Toxicity and Mitochondrial Delivery of Flavonol-Based Carbon Monoxide-Releasing Molecules

• Main Author: Esquer Heredia, Hector Jose
• Format: Others
• Published: DigitalCommons@USU 2017
• Subjects: carbon monoxide; cytotoxicity; mitochondria; carbon monoxide-releasing molecule; molecular tool; Toxicology
• Online Access: https://digitalcommons.usu.edu/etd/6882; https://digitalcommons.usu.edu/cgi/viewcontent.cgi?article=8006&context=etd

Despite the reputation of carbon monoxide (CO) as a silent killer, new evidence suggests that this gaseous molecule has anti-inflammatory, anti-cancer and vasoprotective properties. Unfortunately, little is known about the role of CO in the body. However, proteins present in mitochondria are believed to be important targets. We previously synthesized a class of novel and structurally modifiable flavonol-based CO-releasing molecules (CORMs). Flavonols are commonly found in fruits and vegetables. The base structure, Flav-1, is fluorescent, exhibits low toxicity, and releases CO after exposure to visible light. Previous reports indicate that addition of a triphenylphosphonium (TPP) tail allows chemical structures to enter mitochondria. We hypothesized that addition of a TPP tail of two or eight carbons in length to Flav-1 (Mito-Flav-C2 or -C8) would facilitate targeting of mitochondria, and thus, localized light-induced CO release.

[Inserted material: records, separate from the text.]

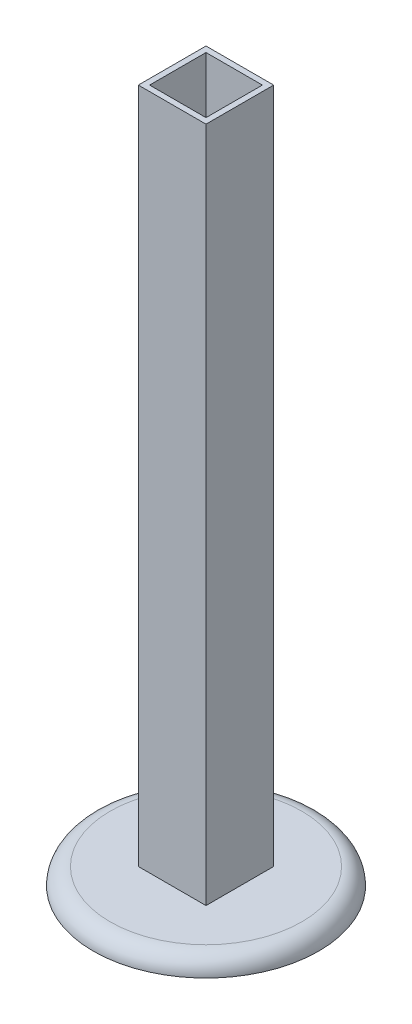
ISO-10303-21;
HEADER;
FILE_DESCRIPTION(('STEP AP214'),'2;1');
FILE_NAME('part.step','',(''),(''),'','','');
FILE_SCHEMA(('AUTOMOTIVE_DESIGN { 1 0 10303 214 1 1 1 1 }'));
ENDSEC;
DATA;
#1=APPLICATION_CONTEXT('core data for automotive mechanical design processes');
#2=APPLICATION_PROTOCOL_DEFINITION('international standard','automotive_design',2000,#1);
#3=PRODUCT_CONTEXT('',#1,'mechanical');
#4=PRODUCT('Part','Part','',(#3));
#5=PRODUCT_RELATED_PRODUCT_CATEGORY('part','',(#4));
#6=PRODUCT_DEFINITION_FORMATION('','',#4);
#7=PRODUCT_DEFINITION_CONTEXT('part definition',#1,'design');
#8=PRODUCT_DEFINITION('design','',#6,#7);
#9=PRODUCT_DEFINITION_SHAPE('','',#8);
#10=(LENGTH_UNIT() NAMED_UNIT(*) SI_UNIT(.MILLI.,.METRE.));
#11=(NAMED_UNIT(*) PLANE_ANGLE_UNIT() SI_UNIT($,.RADIAN.));
#12=(NAMED_UNIT(*) SI_UNIT($,.STERADIAN.) SOLID_ANGLE_UNIT());
#13=UNCERTAINTY_MEASURE_WITH_UNIT(LENGTH_MEASURE(1.E-05),#10,'distance_accuracy_value','');
#14=(GEOMETRIC_REPRESENTATION_CONTEXT(3) GLOBAL_UNCERTAINTY_ASSIGNED_CONTEXT((#13)) GLOBAL_UNIT_ASSIGNED_CONTEXT((#10,
#11,#12)) REPRESENTATION_CONTEXT('',''));
#15=CARTESIAN_POINT('',(0.,0.,0.));
#16=DIRECTION('',(0.,0.,1.));
#17=DIRECTION('',(1.,0.,0.));
#18=AXIS2_PLACEMENT_3D('',#15,#16,#17);
#19=CARTESIAN_POINT('',(0.,1230.,0.));
#20=DIRECTION('',(0.,-1.,0.));
#21=DIRECTION('',(0.,0.,-1.));
#22=AXIS2_PLACEMENT_3D('',#19,#20,#21);
#23=PLANE('',#22);
#24=DIRECTION('',(0.,0.,-1.));
#25=VECTOR('',#24,1.);
#26=CARTESIAN_POINT('',(60.,1230.,60.));
#27=LINE('',#26,#25);
#28=CARTESIAN_POINT('',(60.,1230.,60.));
#29=VERTEX_POINT('',#28);
#30=CARTESIAN_POINT('',(60.,1230.,-60.));
#31=VERTEX_POINT('',#30);
#32=EDGE_CURVE('E142',#29,#31,#27,.T.);
#33=ORIENTED_EDGE('',*,*,#32,.T.);
#34=DIRECTION('',(-1.,0.,0.));
#35=VECTOR('',#34,1.);
#36=CARTESIAN_POINT('',(-60.,1230.,-60.));
#37=LINE('',#36,#35);
#38=CARTESIAN_POINT('',(-60.,1230.,-60.));
#39=VERTEX_POINT('',#38);
#40=EDGE_CURVE('E145',#31,#39,#37,.T.);
#41=ORIENTED_EDGE('',*,*,#40,.T.);
#42=DIRECTION('',(0.,0.,1.));
#43=VECTOR('',#42,1.);
#44=CARTESIAN_POINT('',(-60.,1230.,60.));
#45=LINE('',#44,#43);
#46=CARTESIAN_POINT('',(-60.,1230.,60.));
#47=VERTEX_POINT('',#46);
#48=EDGE_CURVE('E148',#39,#47,#45,.T.);
#49=ORIENTED_EDGE('',*,*,#48,.T.);
#50=DIRECTION('',(1.,0.,0.));
#51=VECTOR('',#50,1.);
#52=CARTESIAN_POINT('',(-60.,1230.,60.));
#53=LINE('',#52,#51);
#54=EDGE_CURVE('E150',#47,#29,#53,.T.);
#55=ORIENTED_EDGE('',*,*,#54,.T.);
#56=EDGE_LOOP('',(#33,#41,#49,#55));
#57=FACE_BOUND('',#56,.T.);
#58=DIRECTION('',(0.,0.,-1.));
#59=VECTOR('',#58,1.);
#60=CARTESIAN_POINT('',(50.,1230.,0.));
#61=LINE('',#60,#59);
#62=CARTESIAN_POINT('',(50.,1230.,50.));
#63=VERTEX_POINT('',#62);
#64=CARTESIAN_POINT('',(50.,1230.,-50.));
#65=VERTEX_POINT('',#64);
#66=EDGE_CURVE('E123',#63,#65,#61,.T.);
#67=ORIENTED_EDGE('',*,*,#66,.F.);
#68=DIRECTION('',(1.,0.,0.));
#69=VECTOR('',#68,1.);
#70=CARTESIAN_POINT('',(0.,1230.,50.));
#71=LINE('',#70,#69);
#72=CARTESIAN_POINT('',(-50.,1230.,50.));
#73=VERTEX_POINT('',#72);
#74=EDGE_CURVE('E134',#73,#63,#71,.T.);
#75=ORIENTED_EDGE('',*,*,#74,.F.);
#76=DIRECTION('',(0.,0.,1.));
#77=VECTOR('',#76,1.);
#78=CARTESIAN_POINT('',(-50.,1230.,0.));
#79=LINE('',#78,#77);
#80=CARTESIAN_POINT('',(-50.,1230.,-50.));
#81=VERTEX_POINT('',#80);
#82=EDGE_CURVE('E139',#81,#73,#79,.T.);
#83=ORIENTED_EDGE('',*,*,#82,.F.);
#84=DIRECTION('',(-1.,0.,0.));
#85=VECTOR('',#84,1.);
#86=CARTESIAN_POINT('',(0.,1230.,-50.));
#87=LINE('',#86,#85);
#88=EDGE_CURVE('E115',#65,#81,#87,.T.);
#89=ORIENTED_EDGE('',*,*,#88,.F.);
#90=EDGE_LOOP('',(#67,#75,#83,#89));
#91=FACE_BOUND('',#90,.T.);
#92=ADVANCED_FACE('F34',(#57,#91),#23,.F.);
#93=CARTESIAN_POINT('',(0.,30.,0.));
#94=DIRECTION('',(0.,1.,0.));
#95=DIRECTION('',(0.,0.,1.));
#96=AXIS2_PLACEMENT_3D('',#93,#94,#95);
#97=PLANE('',#96);
#98=CARTESIAN_POINT('',(0.,30.,0.));
#99=DIRECTION('',(0.,1.,0.));
#100=DIRECTION('',(0.,0.,1.));
#101=AXIS2_PLACEMENT_3D('',#98,#99,#100);
#102=CIRCLE('',#101,170.);
#103=CARTESIAN_POINT('',(0.,30.,170.));
#104=VERTEX_POINT('',#103);
#105=EDGE_CURVE('E11',#104,#104,#102,.T.);
#106=ORIENTED_EDGE('',*,*,#105,.T.);
#107=EDGE_LOOP('',(#106));
#108=FACE_BOUND('',#107,.T.);
#109=DIRECTION('',(-1.,0.,0.));
#110=VECTOR('',#109,1.);
#111=CARTESIAN_POINT('',(-60.,30.,-60.));
#112=LINE('',#111,#110);
#113=CARTESIAN_POINT('',(60.,30.,-60.));
#114=VERTEX_POINT('',#113);
#115=CARTESIAN_POINT('',(-60.,30.,-60.));
#116=VERTEX_POINT('',#115);
#117=EDGE_CURVE('E156',#114,#116,#112,.T.);
#118=ORIENTED_EDGE('',*,*,#117,.F.);
#119=DIRECTION('',(0.,0.,-1.));
#120=VECTOR('',#119,1.);
#121=CARTESIAN_POINT('',(60.,30.,60.));
#122=LINE('',#121,#120);
#123=CARTESIAN_POINT('',(60.,30.,60.));
#124=VERTEX_POINT('',#123);
#125=EDGE_CURVE('E153',#124,#114,#122,.T.);
#126=ORIENTED_EDGE('',*,*,#125,.F.);
#127=DIRECTION('',(1.,0.,0.));
#128=VECTOR('',#127,1.);
#129=CARTESIAN_POINT('',(-60.,30.,60.));
#130=LINE('',#129,#128);
#131=CARTESIAN_POINT('',(-60.,30.,60.));
#132=VERTEX_POINT('',#131);
#133=EDGE_CURVE('E146',#132,#124,#130,.T.);
#134=ORIENTED_EDGE('',*,*,#133,.F.);
#135=DIRECTION('',(0.,0.,1.));
#136=VECTOR('',#135,1.);
#137=CARTESIAN_POINT('',(-60.,30.,60.));
#138=LINE('',#137,#136);
#139=EDGE_CURVE('E158',#116,#132,#138,.T.);
#140=ORIENTED_EDGE('',*,*,#139,.F.);
#141=EDGE_LOOP('',(#118,#126,#134,#140));
#142=FACE_BOUND('',#141,.T.);
#143=ADVANCED_FACE('F175',(#108,#142),#97,.T.);
#144=CARTESIAN_POINT('',(0.,0.,0.));
#145=DIRECTION('',(0.,1.,0.));
#146=DIRECTION('',(0.,0.,1.));
#147=AXIS2_PLACEMENT_3D('',#144,#145,#146);
#148=PLANE('',#147);
#149=CARTESIAN_POINT('',(0.,0.,0.));
#150=DIRECTION('',(0.,1.,0.));
#151=DIRECTION('',(0.,0.,1.));
#152=AXIS2_PLACEMENT_3D('',#149,#150,#151);
#153=CIRCLE('',#152,200.);
#154=CARTESIAN_POINT('',(0.,0.,200.));
#155=VERTEX_POINT('',#154);
#156=EDGE_CURVE('E42',#155,#155,#153,.T.);
#157=ORIENTED_EDGE('',*,*,#156,.F.);
#158=EDGE_LOOP('',(#157));
#159=FACE_BOUND('',#158,.T.);
#160=ADVANCED_FACE('F173',(#159),#148,.F.);
#161=CARTESIAN_POINT('',(0.,0.,0.));
#162=DIRECTION('',(0.,1.,0.));
#163=DIRECTION('',(0.,0.,1.));
#164=AXIS2_PLACEMENT_3D('',#161,#162,#163);
#165=TOROIDAL_SURFACE('',#164,170.,30.);
#166=ORIENTED_EDGE('',*,*,#156,.T.);
#167=EDGE_LOOP('',(#166));
#168=FACE_BOUND('',#167,.T.);
#169=ORIENTED_EDGE('',*,*,#105,.F.);
#170=EDGE_LOOP('',(#169));
#171=FACE_BOUND('',#170,.T.);
#172=ADVANCED_FACE('F36',(#168,#171),#165,.T.);
#173=CARTESIAN_POINT('',(60.,1230.,60.));
#174=DIRECTION('',(-1.,0.,0.));
#175=DIRECTION('',(0.,0.,1.));
#176=AXIS2_PLACEMENT_3D('',#173,#174,#175);
#177=PLANE('',#176);
#178=ORIENTED_EDGE('',*,*,#125,.T.);
#179=DIRECTION('',(0.,-1.,0.));
#180=VECTOR('',#179,1.);
#181=CARTESIAN_POINT('',(60.,1230.,-60.));
#182=LINE('',#181,#180);
#183=EDGE_CURVE('E167',#31,#114,#182,.T.);
#184=ORIENTED_EDGE('',*,*,#183,.F.);
#185=ORIENTED_EDGE('',*,*,#32,.F.);
#186=DIRECTION('',(0.,-1.,0.));
#187=VECTOR('',#186,1.);
#188=CARTESIAN_POINT('',(60.,1230.,60.));
#189=LINE('',#188,#187);
#190=EDGE_CURVE('E152',#29,#124,#189,.T.);
#191=ORIENTED_EDGE('',*,*,#190,.T.);
#192=EDGE_LOOP('',(#178,#184,#185,#191));
#193=FACE_BOUND('',#192,.T.);
#194=ADVANCED_FACE('F180',(#193),#177,.F.);
#195=CARTESIAN_POINT('',(-60.,1230.,-60.));
#196=DIRECTION('',(0.,0.,1.));
#197=DIRECTION('',(1.,0.,0.));
#198=AXIS2_PLACEMENT_3D('',#195,#196,#197);
#199=PLANE('',#198);
#200=ORIENTED_EDGE('',*,*,#117,.T.);
#201=DIRECTION('',(0.,-1.,0.));
#202=VECTOR('',#201,1.);
#203=CARTESIAN_POINT('',(-60.,1230.,-60.));
#204=LINE('',#203,#202);
#205=EDGE_CURVE('E164',#39,#116,#204,.T.);
#206=ORIENTED_EDGE('',*,*,#205,.F.);
#207=ORIENTED_EDGE('',*,*,#40,.F.);
#208=ORIENTED_EDGE('',*,*,#183,.T.);
#209=EDGE_LOOP('',(#200,#206,#207,#208));
#210=FACE_BOUND('',#209,.T.);
#211=ADVANCED_FACE('F199',(#210),#199,.F.);
#212=CARTESIAN_POINT('',(-60.,1230.,60.));
#213=DIRECTION('',(1.,0.,0.));
#214=DIRECTION('',(0.,0.,-1.));
#215=AXIS2_PLACEMENT_3D('',#212,#213,#214);
#216=PLANE('',#215);
#217=ORIENTED_EDGE('',*,*,#139,.T.);
#218=DIRECTION('',(0.,-1.,0.));
#219=VECTOR('',#218,1.);
#220=CARTESIAN_POINT('',(-60.,1230.,60.));
#221=LINE('',#220,#219);
#222=EDGE_CURVE('E57',#47,#132,#221,.T.);
#223=ORIENTED_EDGE('',*,*,#222,.F.);
#224=ORIENTED_EDGE('',*,*,#48,.F.);
#225=ORIENTED_EDGE('',*,*,#205,.T.);
#226=EDGE_LOOP('',(#217,#223,#224,#225));
#227=FACE_BOUND('',#226,.T.);
#228=ADVANCED_FACE('F196',(#227),#216,.F.);
#229=CARTESIAN_POINT('',(-60.,1230.,60.));
#230=DIRECTION('',(0.,0.,-1.));
#231=DIRECTION('',(-1.,0.,0.));
#232=AXIS2_PLACEMENT_3D('',#229,#230,#231);
#233=PLANE('',#232);
#234=ORIENTED_EDGE('',*,*,#133,.T.);
#235=ORIENTED_EDGE('',*,*,#190,.F.);
#236=ORIENTED_EDGE('',*,*,#54,.F.);
#237=ORIENTED_EDGE('',*,*,#222,.T.);
#238=EDGE_LOOP('',(#234,#235,#236,#237));
#239=FACE_BOUND('',#238,.T.);
#240=ADVANCED_FACE('F193',(#239),#233,.F.);
#241=CARTESIAN_POINT('',(0.,20.,0.));
#242=DIRECTION('',(0.,1.,0.));
#243=DIRECTION('',(0.,0.,1.));
#244=AXIS2_PLACEMENT_3D('',#241,#242,#243);
#245=PLANE('',#244);
#246=CARTESIAN_POINT('',(0.,20.,0.));
#247=DIRECTION('',(0.,1.,0.));
#248=DIRECTION('',(0.,0.,1.));
#249=AXIS2_PLACEMENT_3D('',#246,#247,#248);
#250=CIRCLE('',#249,170.);
#251=CARTESIAN_POINT('',(0.,20.,170.));
#252=VERTEX_POINT('',#251);
#253=EDGE_CURVE('E130',#252,#252,#250,.T.);
#254=ORIENTED_EDGE('',*,*,#253,.F.);
#255=EDGE_LOOP('',(#254));
#256=FACE_BOUND('',#255,.T.);
#257=DIRECTION('',(-1.,0.,0.));
#258=VECTOR('',#257,1.);
#259=CARTESIAN_POINT('',(-60.,20.,-50.));
#260=LINE('',#259,#258);
#261=CARTESIAN_POINT('',(50.,20.,-50.));
#262=VERTEX_POINT('',#261);
#263=CARTESIAN_POINT('',(-50.,20.,-50.));
#264=VERTEX_POINT('',#263);
#265=EDGE_CURVE('E101',#262,#264,#260,.T.);
#266=ORIENTED_EDGE('',*,*,#265,.T.);
#267=DIRECTION('',(0.,0.,1.));
#268=VECTOR('',#267,1.);
#269=CARTESIAN_POINT('',(-50.,20.,60.));
#270=LINE('',#269,#268);
#271=CARTESIAN_POINT('',(-50.,20.,50.));
#272=VERTEX_POINT('',#271);
#273=EDGE_CURVE('E105',#264,#272,#270,.T.);
#274=ORIENTED_EDGE('',*,*,#273,.T.);
#275=DIRECTION('',(1.,0.,0.));
#276=VECTOR('',#275,1.);
#277=CARTESIAN_POINT('',(-60.,20.,50.));
#278=LINE('',#277,#276);
#279=CARTESIAN_POINT('',(50.,20.,50.));
#280=VERTEX_POINT('',#279);
#281=EDGE_CURVE('E121',#272,#280,#278,.T.);
#282=ORIENTED_EDGE('',*,*,#281,.T.);
#283=DIRECTION('',(0.,0.,-1.));
#284=VECTOR('',#283,1.);
#285=CARTESIAN_POINT('',(50.,20.,60.));
#286=LINE('',#285,#284);
#287=EDGE_CURVE('E107',#280,#262,#286,.T.);
#288=ORIENTED_EDGE('',*,*,#287,.T.);
#289=EDGE_LOOP('',(#266,#274,#282,#288));
#290=FACE_BOUND('',#289,.T.);
#291=ADVANCED_FACE('F103',(#256,#290),#245,.F.);
#292=CARTESIAN_POINT('',(0.,10.,0.));
#293=DIRECTION('',(0.,1.,0.));
#294=DIRECTION('',(0.,0.,1.));
#295=AXIS2_PLACEMENT_3D('',#292,#293,#294);
#296=PLANE('',#295);
#297=CARTESIAN_POINT('',(0.,10.,0.));
#298=DIRECTION('',(0.,1.,0.));
#299=DIRECTION('',(0.,0.,1.));
#300=AXIS2_PLACEMENT_3D('',#297,#298,#299);
#301=CIRCLE('',#300,187.320508075689);
#302=CARTESIAN_POINT('',(0.,10.,187.320508075689));
#303=VERTEX_POINT('',#302);
#304=EDGE_CURVE('E127',#303,#303,#301,.T.);
#305=ORIENTED_EDGE('',*,*,#304,.T.);
#306=EDGE_LOOP('',(#305));
#307=FACE_BOUND('',#306,.T.);
#308=ADVANCED_FACE('F239',(#307),#296,.T.);
#309=CARTESIAN_POINT('',(0.,0.,0.));
#310=DIRECTION('',(0.,1.,0.));
#311=DIRECTION('',(0.,0.,1.));
#312=AXIS2_PLACEMENT_3D('',#309,#310,#311);
#313=TOROIDAL_SURFACE('',#312,170.,20.);
#314=ORIENTED_EDGE('',*,*,#304,.F.);
#315=EDGE_LOOP('',(#314));
#316=FACE_BOUND('',#315,.T.);
#317=ORIENTED_EDGE('',*,*,#253,.T.);
#318=EDGE_LOOP('',(#317));
#319=FACE_BOUND('',#318,.T.);
#320=ADVANCED_FACE('F247',(#316,#319),#313,.F.);
#321=CARTESIAN_POINT('',(50.,1230.,60.));
#322=DIRECTION('',(-1.,0.,0.));
#323=DIRECTION('',(0.,0.,1.));
#324=AXIS2_PLACEMENT_3D('',#321,#322,#323);
#325=PLANE('',#324);
#326=ORIENTED_EDGE('',*,*,#287,.F.);
#327=DIRECTION('',(0.,-1.,0.));
#328=VECTOR('',#327,1.);
#329=CARTESIAN_POINT('',(50.,1230.,50.));
#330=LINE('',#329,#328);
#331=EDGE_CURVE('E132',#63,#280,#330,.T.);
#332=ORIENTED_EDGE('',*,*,#331,.F.);
#333=ORIENTED_EDGE('',*,*,#66,.T.);
#334=DIRECTION('',(0.,-1.,0.));
#335=VECTOR('',#334,1.);
#336=CARTESIAN_POINT('',(50.,1230.,-50.));
#337=LINE('',#336,#335);
#338=EDGE_CURVE('E118',#65,#262,#337,.T.);
#339=ORIENTED_EDGE('',*,*,#338,.T.);
#340=EDGE_LOOP('',(#326,#332,#333,#339));
#341=FACE_BOUND('',#340,.T.);
#342=ADVANCED_FACE('F255',(#341),#325,.T.);
#343=CARTESIAN_POINT('',(-60.,1230.,-50.));
#344=DIRECTION('',(0.,0.,1.));
#345=DIRECTION('',(1.,0.,0.));
#346=AXIS2_PLACEMENT_3D('',#343,#344,#345);
#347=PLANE('',#346);
#348=ORIENTED_EDGE('',*,*,#265,.F.);
#349=ORIENTED_EDGE('',*,*,#338,.F.);
#350=ORIENTED_EDGE('',*,*,#88,.T.);
#351=DIRECTION('',(0.,-1.,0.));
#352=VECTOR('',#351,1.);
#353=CARTESIAN_POINT('',(-50.,1230.,-50.));
#354=LINE('',#353,#352);
#355=EDGE_CURVE('E112',#81,#264,#354,.T.);
#356=ORIENTED_EDGE('',*,*,#355,.T.);
#357=EDGE_LOOP('',(#348,#349,#350,#356));
#358=FACE_BOUND('',#357,.T.);
#359=ADVANCED_FACE('F113',(#358),#347,.T.);
#360=CARTESIAN_POINT('',(-50.,1230.,60.));
#361=DIRECTION('',(1.,0.,0.));
#362=DIRECTION('',(0.,0.,-1.));
#363=AXIS2_PLACEMENT_3D('',#360,#361,#362);
#364=PLANE('',#363);
#365=ORIENTED_EDGE('',*,*,#273,.F.);
#366=ORIENTED_EDGE('',*,*,#355,.F.);
#367=ORIENTED_EDGE('',*,*,#82,.T.);
#368=DIRECTION('',(0.,-1.,0.));
#369=VECTOR('',#368,1.);
#370=CARTESIAN_POINT('',(-50.,1230.,50.));
#371=LINE('',#370,#369);
#372=EDGE_CURVE('E49',#73,#272,#371,.T.);
#373=ORIENTED_EDGE('',*,*,#372,.T.);
#374=EDGE_LOOP('',(#365,#366,#367,#373));
#375=FACE_BOUND('',#374,.T.);
#376=ADVANCED_FACE('F120',(#375),#364,.T.);
#377=CARTESIAN_POINT('',(-60.,1230.,50.));
#378=DIRECTION('',(0.,0.,-1.));
#379=DIRECTION('',(-1.,0.,0.));
#380=AXIS2_PLACEMENT_3D('',#377,#378,#379);
#381=PLANE('',#380);
#382=ORIENTED_EDGE('',*,*,#281,.F.);
#383=ORIENTED_EDGE('',*,*,#372,.F.);
#384=ORIENTED_EDGE('',*,*,#74,.T.);
#385=ORIENTED_EDGE('',*,*,#331,.T.);
#386=EDGE_LOOP('',(#382,#383,#384,#385));
#387=FACE_BOUND('',#386,.T.);
#388=ADVANCED_FACE('F191',(#387),#381,.T.);
#389=CLOSED_SHELL('',(#92,#143,#160,#172,#194,#211,#228,#240,#291,#308,#320,#342,#359,#376,#388));
#390=MANIFOLD_SOLID_BREP('B2',#389);
#391=ADVANCED_BREP_SHAPE_REPRESENTATION('',(#18,#390),#14);
#392=SHAPE_DEFINITION_REPRESENTATION(#9,#391);
ENDSEC;
END-ISO-10303-21;

Toxicity of these TPP-tailed molecules was determined in human umbilical vein endothelial cells (HUVECs) and lung epithelial carcinoma cells (A549), using standard cell viability assays. Evaluation of toxicity using the MTT assay revealed lower toxicity of Flav-1 in HUVECs compared to A549 cells, but addition of the TPP tails increased toxicity in both cell lines. However, unlike the MTT assay, Flav-1 with and without tails had similar toxicity when measured in HUVECs by the lactate dehydrogenase assay. Photo-degradation experiments were performed by exposing cells until their light emission was undetectable by using lasers in the near-UV and within the visible light spectrum. Localization of the compounds was observed using a confocal microscope by co-staining with MitoTracker Red (MTR) and Hoechst to visualize the mitochondria and nucleus, respectively. Fluorescence microscopy images of cells treated with Mito-Flav-C2 or -C8 revealed an increase in uptake, compared to Flav-1, plus co-localization with MTR, which suggests mitochondrial localization. A549 cells exposed to laser light or a full spectrum of light lost all fluorescence of Mito-Flav-C2, which indicates CO release. This work highlights the successful synthesis of the first mitochondria targeting CORMs, and that CO release is achievable using different light sources. Moreover, these TPP-tailed CORMs will allow for controlled and localized release of CO to further study its physiological targets.